Your instructions
Only the number is wanted: how many lines of these entries contain the word "CIRCLE"?

Records provided
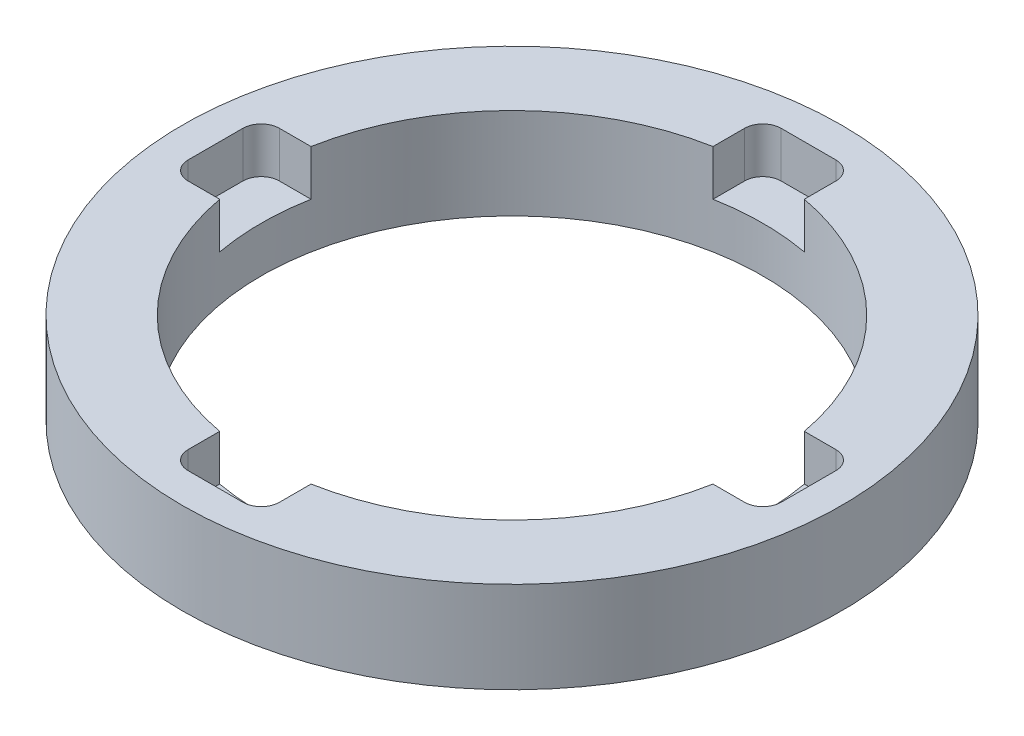
ISO-10303-21;
HEADER;
FILE_DESCRIPTION(('STEP AP214'),'2;1');
FILE_NAME('part.step','',(''),(''),'','','');
FILE_SCHEMA(('AUTOMOTIVE_DESIGN { 1 0 10303 214 1 1 1 1 }'));
ENDSEC;
DATA;
#1=APPLICATION_CONTEXT('core data for automotive mechanical design processes');
#2=APPLICATION_PROTOCOL_DEFINITION('international standard','automotive_design',2000,#1);
#3=PRODUCT_CONTEXT('',#1,'mechanical');
#4=PRODUCT('Part','Part','',(#3));
#5=PRODUCT_RELATED_PRODUCT_CATEGORY('part','',(#4));
#6=PRODUCT_DEFINITION_FORMATION('','',#4);
#7=PRODUCT_DEFINITION_CONTEXT('part definition',#1,'design');
#8=PRODUCT_DEFINITION('design','',#6,#7);
#9=PRODUCT_DEFINITION_SHAPE('','',#8);
#10=(LENGTH_UNIT() NAMED_UNIT(*) SI_UNIT(.MILLI.,.METRE.));
#11=(NAMED_UNIT(*) PLANE_ANGLE_UNIT() SI_UNIT($,.RADIAN.));
#12=(NAMED_UNIT(*) SI_UNIT($,.STERADIAN.) SOLID_ANGLE_UNIT());
#13=UNCERTAINTY_MEASURE_WITH_UNIT(LENGTH_MEASURE(1.E-05),#10,'distance_accuracy_value','');
#14=(GEOMETRIC_REPRESENTATION_CONTEXT(3) GLOBAL_UNCERTAINTY_ASSIGNED_CONTEXT((#13)) GLOBAL_UNIT_ASSIGNED_CONTEXT((#10,
#11,#12)) REPRESENTATION_CONTEXT('',''));
#15=CARTESIAN_POINT('',(0.,0.,0.));
#16=DIRECTION('',(0.,0.,1.));
#17=DIRECTION('',(1.,0.,0.));
#18=AXIS2_PLACEMENT_3D('',#15,#16,#17);
#19=CARTESIAN_POINT('',(0.,12.7,0.));
#20=DIRECTION('',(0.,1.,0.));
#21=DIRECTION('',(0.,0.,1.));
#22=AXIS2_PLACEMENT_3D('',#19,#20,#21);
#23=PLANE('',#22);
#24=DIRECTION('',(0.,0.,-1.));
#25=VECTOR('',#24,1.);
#26=CARTESIAN_POINT('',(6.35,12.7,34.3041293667395));
#27=LINE('',#26,#25);
#28=CARTESIAN_POINT('',(6.35,12.7,38.6969));
#29=VERTEX_POINT('',#28);
#30=CARTESIAN_POINT('',(6.35,12.7,34.3041293667395));
#31=VERTEX_POINT('',#30);
#32=EDGE_CURVE('E217',#29,#31,#27,.T.);
#33=ORIENTED_EDGE('',*,*,#32,.F.);
#34=CARTESIAN_POINT('',(3.81,12.7,38.6969));
#35=DIRECTION('',(0.,1.,0.));
#36=DIRECTION('',(0.,0.,-1.));
#37=AXIS2_PLACEMENT_3D('',#34,#35,#36);
#38=CIRCLE('',#37,2.54);
#39=CARTESIAN_POINT('',(3.80999999999998,12.7,41.2369));
#40=VERTEX_POINT('',#39);
#41=EDGE_CURVE('E436',#40,#29,#38,.T.);
#42=ORIENTED_EDGE('',*,*,#41,.F.);
#43=DIRECTION('',(1.,0.,0.));
#44=VECTOR('',#43,1.);
#45=CARTESIAN_POINT('',(-3.80999999999998,12.7,41.2369));
#46=LINE('',#45,#44);
#47=CARTESIAN_POINT('',(-3.80999999999998,12.7,41.2369));
#48=VERTEX_POINT('',#47);
#49=EDGE_CURVE('E430',#48,#40,#46,.T.);
#50=ORIENTED_EDGE('',*,*,#49,.F.);
#51=CARTESIAN_POINT('',(-3.81,12.7,38.6969));
#52=DIRECTION('',(0.,1.,0.));
#53=DIRECTION('',(0.,0.,-1.));
#54=AXIS2_PLACEMENT_3D('',#51,#52,#53);
#55=CIRCLE('',#54,2.54);
#56=CARTESIAN_POINT('',(-6.35,12.7,38.6969));
#57=VERTEX_POINT('',#56);
#58=EDGE_CURVE('E428',#57,#48,#55,.T.);
#59=ORIENTED_EDGE('',*,*,#58,.F.);
#60=DIRECTION('',(0.,0.,1.));
#61=VECTOR('',#60,1.);
#62=CARTESIAN_POINT('',(-6.35,12.7,34.3041293667395));
#63=LINE('',#62,#61);
#64=CARTESIAN_POINT('',(-6.35,12.7,34.3041293667395));
#65=VERTEX_POINT('',#64);
#66=EDGE_CURVE('E264',#65,#57,#63,.T.);
#67=ORIENTED_EDGE('',*,*,#66,.F.);
#68=CARTESIAN_POINT('',(0.,12.7,0.));
#69=DIRECTION('',(0.,1.,0.));
#70=DIRECTION('',(0.,0.,1.));
#71=AXIS2_PLACEMENT_3D('',#68,#69,#70);
#72=CIRCLE('',#71,34.8869);
#73=CARTESIAN_POINT('',(-34.3041293667395,12.7,6.35000000000012));
#74=VERTEX_POINT('',#73);
#75=EDGE_CURVE('E224',#74,#65,#72,.T.);
#76=ORIENTED_EDGE('',*,*,#75,.F.);
#77=DIRECTION('',(1.,0.,0.));
#78=VECTOR('',#77,1.);
#79=CARTESIAN_POINT('',(-34.3041293667395,12.7,6.35000000000012));
#80=LINE('',#79,#78);
#81=CARTESIAN_POINT('',(-38.6969,12.7,6.35000000000014));
#82=VERTEX_POINT('',#81);
#83=EDGE_CURVE('E278',#82,#74,#80,.T.);
#84=ORIENTED_EDGE('',*,*,#83,.F.);
#85=CARTESIAN_POINT('',(-38.6969,12.7,3.81000000000014));
#86=DIRECTION('',(0.,1.,0.));
#87=DIRECTION('',(1.,0.,0.));
#88=AXIS2_PLACEMENT_3D('',#85,#86,#87);
#89=CIRCLE('',#88,2.54);
#90=CARTESIAN_POINT('',(-41.2369,12.7,3.81000000000013));
#91=VERTEX_POINT('',#90);
#92=EDGE_CURVE('E303',#91,#82,#89,.T.);
#93=ORIENTED_EDGE('',*,*,#92,.F.);
#94=DIRECTION('',(0.,0.,1.));
#95=VECTOR('',#94,1.);
#96=CARTESIAN_POINT('',(-41.2369,12.7,-3.80999999999984));
#97=LINE('',#96,#95);
#98=CARTESIAN_POINT('',(-41.2369,12.7,-3.80999999999984));
#99=VERTEX_POINT('',#98);
#100=EDGE_CURVE('E300',#99,#91,#97,.T.);
#101=ORIENTED_EDGE('',*,*,#100,.F.);
#102=CARTESIAN_POINT('',(-38.6969,12.7,-3.80999999999987));
#103=DIRECTION('',(0.,1.,0.));
#104=DIRECTION('',(1.,0.,0.));
#105=AXIS2_PLACEMENT_3D('',#102,#103,#104);
#106=CIRCLE('',#105,2.54);
#107=CARTESIAN_POINT('',(-38.6969,12.7,-6.34999999999986));
#108=VERTEX_POINT('',#107);
#109=EDGE_CURVE('E296',#108,#99,#106,.T.);
#110=ORIENTED_EDGE('',*,*,#109,.F.);
#111=DIRECTION('',(-1.,0.,0.));
#112=VECTOR('',#111,1.);
#113=CARTESIAN_POINT('',(-34.3041293667395,12.7,-6.34999999999988));
#114=LINE('',#113,#112);
#115=CARTESIAN_POINT('',(-34.3041293667395,12.7,-6.34999999999988));
#116=VERTEX_POINT('',#115);
#117=EDGE_CURVE('E293',#116,#108,#114,.T.);
#118=ORIENTED_EDGE('',*,*,#117,.F.);
#119=CARTESIAN_POINT('',(-6.35,12.7,-34.3041293667395));
#120=VERTEX_POINT('',#119);
#121=EDGE_CURVE('E364',#120,#116,#72,.T.);
#122=ORIENTED_EDGE('',*,*,#121,.F.);
#123=DIRECTION('',(0.,0.,1.));
#124=VECTOR('',#123,1.);
#125=CARTESIAN_POINT('',(-6.35,12.7,-34.3041293667395));
#126=LINE('',#125,#124);
#127=CARTESIAN_POINT('',(-6.35,12.7,-38.6969));
#128=VERTEX_POINT('',#127);
#129=EDGE_CURVE('E323',#128,#120,#126,.T.);
#130=ORIENTED_EDGE('',*,*,#129,.F.);
#131=CARTESIAN_POINT('',(-3.81,12.7,-38.6969));
#132=DIRECTION('',(0.,1.,0.));
#133=DIRECTION('',(0.,0.,1.));
#134=AXIS2_PLACEMENT_3D('',#131,#132,#133);
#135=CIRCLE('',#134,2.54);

Answer to this exercise
6